Wednesday, July 8, 2020

Florence Price’s “Adoration”


Augustin Hadelich at the piano, with thirty-seven other musicians, performing Florence Price’s “Adoration.” It’s a piece for organ, arranged for violin and piano by our household’s composer and arranger Elaine Fine. It’s a beautiful project. My response to these performances in this year of sorrows is beyond words.

“The usual thing”


Erich Kästner, Going to the Dogs: The Story of a Moralist. 1931. Trans. from the German by Cyrus Brooks (New York: New York Review Books, 2012).

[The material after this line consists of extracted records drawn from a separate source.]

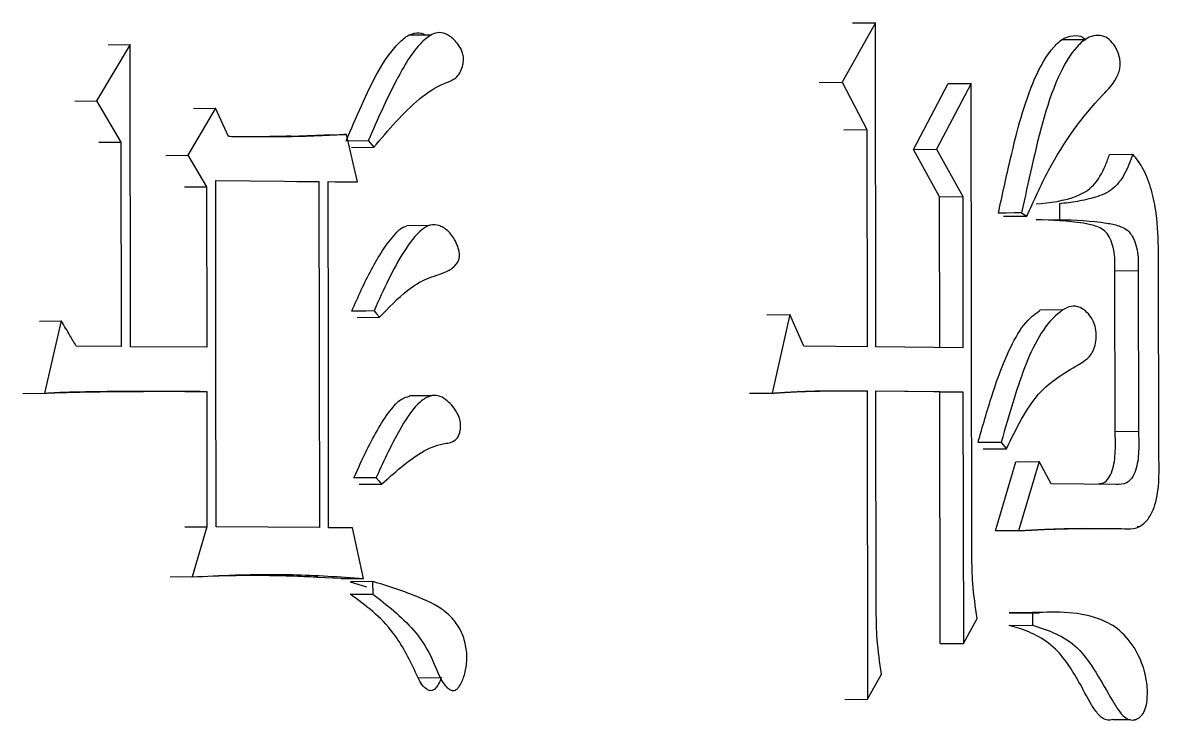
# Model space of a CAD drawing. Header units: millimetres. Extents: x 1726 to 4771, y 590 to 2743.
# Drawn here: x 3173.183 to 3177.089, y 941.251 to 943.648 of the extents above; entities that cross this region are included whole.
import ezdxf

# ---------------------------------------------------------------- set-up
doc = ezdxf.new("R2010")
doc.units = ezdxf.units.MM

msp = doc.modelspace()

# ---------------------------------------------------------------- linework, layer by layer
at = {"color": 7, "linetype": 'Continuous', "lineweight": 25}
for p, q in [((3176.1136, 943.6485), (3175.9995, 943.444)), ((3176.1152, 942.5343), (3176.1136, 943.6485)), ((3174.5869, 943.6058), (3174.5096, 943.6052)), ((3176.8338, 943.5897), (3176.7534, 943.5891)), ((3173.5521, 943.5733), (3173.4369, 943.3796)), ((3173.4768, 943.5727), (3173.5521, 943.5733)), ((3173.5536, 942.5349), (3173.5521, 943.5733)), ((3175.9208, 943.4434), (3175.9995, 943.444)), ((3175.9995, 943.444), (3176.0841, 943.281)), ((3176.2447, 943.2132), (3176.3635, 943.4393)), ((3176.4428, 943.4399), (3176.3239, 943.2138)), ((3176.3635, 943.4393), (3176.4428, 943.4399)), ((3176.4452, 941.8173), (3176.4428, 943.4399)), ((3173.3618, 943.3789), (3173.4369, 943.3796)), ((3173.4369, 943.3796), (3173.5205, 943.2383)), ((3173.8461, 943.3546), (3173.7508, 943.1931)), ((3173.7703, 943.3539), (3173.8461, 943.3546)), ((3173.8907, 943.2569), (3173.8461, 943.3546)), ((3176.0052, 943.2803), (3176.0841, 943.281)), ((3176.0841, 943.281), (3176.0851, 942.5346)), ((3173.4453, 943.2376), (3173.5205, 943.2383)), ((3173.5205, 943.2383), (3173.5216, 942.5352)), ((3174.1023, 943.2587), (3174.219, 943.2636)), ((3174.219, 943.2636), (3174.2955, 943.2643)), ((3174.3335, 943.1017), (3174.2955, 943.2643)), ((3174.371, 943.242), (3174.3009, 943.2415)), ((3174.3131, 943.2197), (3174.3899, 943.2203)), ((3176.2447, 943.2132), (3176.3239, 943.2138)), ((3176.3343, 943.0501), (3176.2447, 943.2132)), ((3176.3239, 943.2138), (3176.4136, 943.0507)), ((3176.9184, 943.196), (3176.9985, 943.1966)), ((3173.6752, 943.1925), (3173.7508, 943.1931)), ((3173.7508, 943.1931), (3173.8146, 943.0844)), ((3173.739, 943.0838), (3173.8146, 943.0844)), ((3173.8146, 943.0844), (3173.8154, 942.5328)), ((3173.8464, 943.1058), (3174.2012, 943.1028)), ((3174.125, 943.1022), (3174.2012, 943.1028)), ((3174.2328, 943.1026), (3174.3335, 943.1017)), ((3174.2571, 943.1011), (3174.3335, 943.1017)), ((3176.3343, 943.0501), (3176.4136, 943.0507)), ((3176.335, 942.5309), (3176.3343, 943.0501)), ((3176.4136, 943.0507), (3176.4144, 942.5315)), ((3176.7458, 943.026), (3176.7459, 942.9719)), ((3176.5539, 942.9831), (3176.6336, 942.9837)), ((3176.6661, 942.9713), (3176.7459, 942.9719)), ((3174.5792, 942.9511), (3174.502, 942.9505)), ((3177.0878, 942.1573), (3177.0868, 942.8604)), ((3176.9365, 942.7956), (3177.0167, 942.7962)), ((3176.9373, 942.2439), (3176.9365, 942.7956)), ((3177.0167, 942.7962), (3177.0174, 942.2446)), ((3176.7588, 942.6615), (3176.6785, 942.6608)), ((3173.2408, 942.6227), (3173.3158, 942.6234)), ((3173.3158, 942.6234), (3173.2582, 942.375)), ((3174.3328, 942.6353), (3174.4096, 942.636)), ((3175.7409, 942.6446), (3175.8194, 942.6452)), ((3175.8194, 942.6452), (3175.7592, 942.3753)), ((3175.868, 942.5366), (3175.8194, 942.6452)), ((3173.5216, 942.5352), (3173.3674, 942.5364)), ((3173.8154, 942.5328), (3173.5536, 942.5349)), ((3176.0851, 942.5346), (3175.868, 942.5366)), ((3176.4144, 942.5315), (3176.1152, 942.5343)), ((3173.1833, 942.3744), (3173.2582, 942.375)), ((3173.74, 942.3807), (3173.8157, 942.3813)), ((3173.8157, 942.3813), (3173.8163, 941.9162)), ((3175.6808, 942.3747), (3175.7592, 942.3753)), ((3176.0853, 942.3832), (3176.0065, 942.3825)), ((3176.0853, 942.3832), (3176.0869, 941.3231)), ((3176.1154, 942.3829), (3176.4146, 942.3801)), ((3176.1165, 941.6257), (3176.1154, 942.3829)), ((3176.3352, 942.3795), (3176.1154, 942.3815)), ((3176.3352, 942.3795), (3176.4146, 942.3801)), ((3176.3365, 941.5141), (3176.3352, 942.3795)), ((3176.4146, 942.3801), (3176.4158, 941.5147)), ((3174.5894, 942.3663), (3174.5121, 942.3657)), ((3176.9373, 942.2439), (3177.0174, 942.2446)), ((3176.4841, 942.1833), (3176.5636, 942.1839)), ((3176.5457, 942.2058), (3176.5636, 942.1839)), ((3176.5259, 941.9017), (3176.5965, 942.139)), ((3176.5965, 942.139), (3176.6762, 942.1397)), ((3176.6762, 942.1397), (3176.6055, 941.9024)), ((3176.7177, 942.0635), (3176.6762, 942.1397)), ((3174.3979, 942.0844), (3174.3213, 942.0837)), ((3174.3399, 942.062), (3174.4167, 942.0626)), ((3176.9415, 942.0614), (3176.7177, 942.0635)), ((3173.7406, 941.9155), (3173.8163, 941.9162)), ((3173.8163, 941.9162), (3173.7656, 941.7435)), ((3174.203, 941.913), (3173.8482, 941.9159)), ((3174.3164, 941.912), (3174.2345, 941.9127)), ((3174.3544, 941.7386), (3174.3164, 941.912)), ((3176.8793, 941.9092), (3176.8238, 941.9095)), ((3176.8793, 941.9092), (3176.9593, 941.9098)), ((3177.0129, 941.9164), (3177.02, 941.9164)), ((3176.6055, 941.9024), (3176.5259, 941.9017)), ((3173.7656, 941.7435), (3173.69, 941.7429)), ((3174.2777, 941.738), (3174.1954, 941.7418)), ((3174.2779, 941.738), (3174.3544, 941.7386)), ((3174.3091, 941.7269), (3174.3649, 941.7099)), ((3174.3858, 941.7275), (3174.3093, 941.7269)), ((3174.3858, 941.7275), (3174.3859, 941.6843)), ((3174.3091, 941.6838), (3174.3859, 941.6844)), ((3176.4158, 941.5147), (3176.4634, 941.6008)), ((3176.6533, 941.6207), (3176.5736, 941.62)), ((3176.5736, 941.62), (3176.6766, 941.6188)), ((3176.6533, 941.6207), (3176.6533, 941.5773)), ((3176.5737, 941.5766), (3176.6533, 941.5773)), ((3176.3365, 941.5141), (3176.4158, 941.5147)), ((3174.5414, 941.3969), (3174.6187, 941.3976)), ((3176.0869, 941.3231), (3176.1348, 941.4092)), ((3176.008, 941.3225), (3176.0869, 941.3231)), ((3176.9291, 941.2531), (3176.9895, 941.2536)), ((3177.0043, 941.2537), (3177.0097, 941.2537))]:
    msp.add_line(p, q, dxfattribs=at)
at = {"color": 7, "linetype": 'Continuous', "lineweight": 25, "flags": 128}
for points in [[(3176.0347, 943.6478), (3176.0546, 943.648), (3176.0841, 943.6482), (3176.1136, 943.6485)], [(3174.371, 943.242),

Another NYRB rediscovery, highly recommended. The waning years of Weimar Germany: dance-halls, sex, political violence, unemployment, and a moment of crucial decision.

The Nazis were to burn Kästner’s books. A post-war work: Das doppelte Lottchen (1949), known in translation as Lottie and Lisa. It’s the basis for the 1961 movie The Parent Trap and later PT movies.

109 is the new 79

Elaine and I began our Great Pause on March 14. I’ve been keeping track of the days like so:

18 days (March) + 30 (April) + 31 (May) = 79.

And now 30 more (June) = 109. So I add the day’s date to 109. Today is day 117.

Reader, are you tracking time in this way?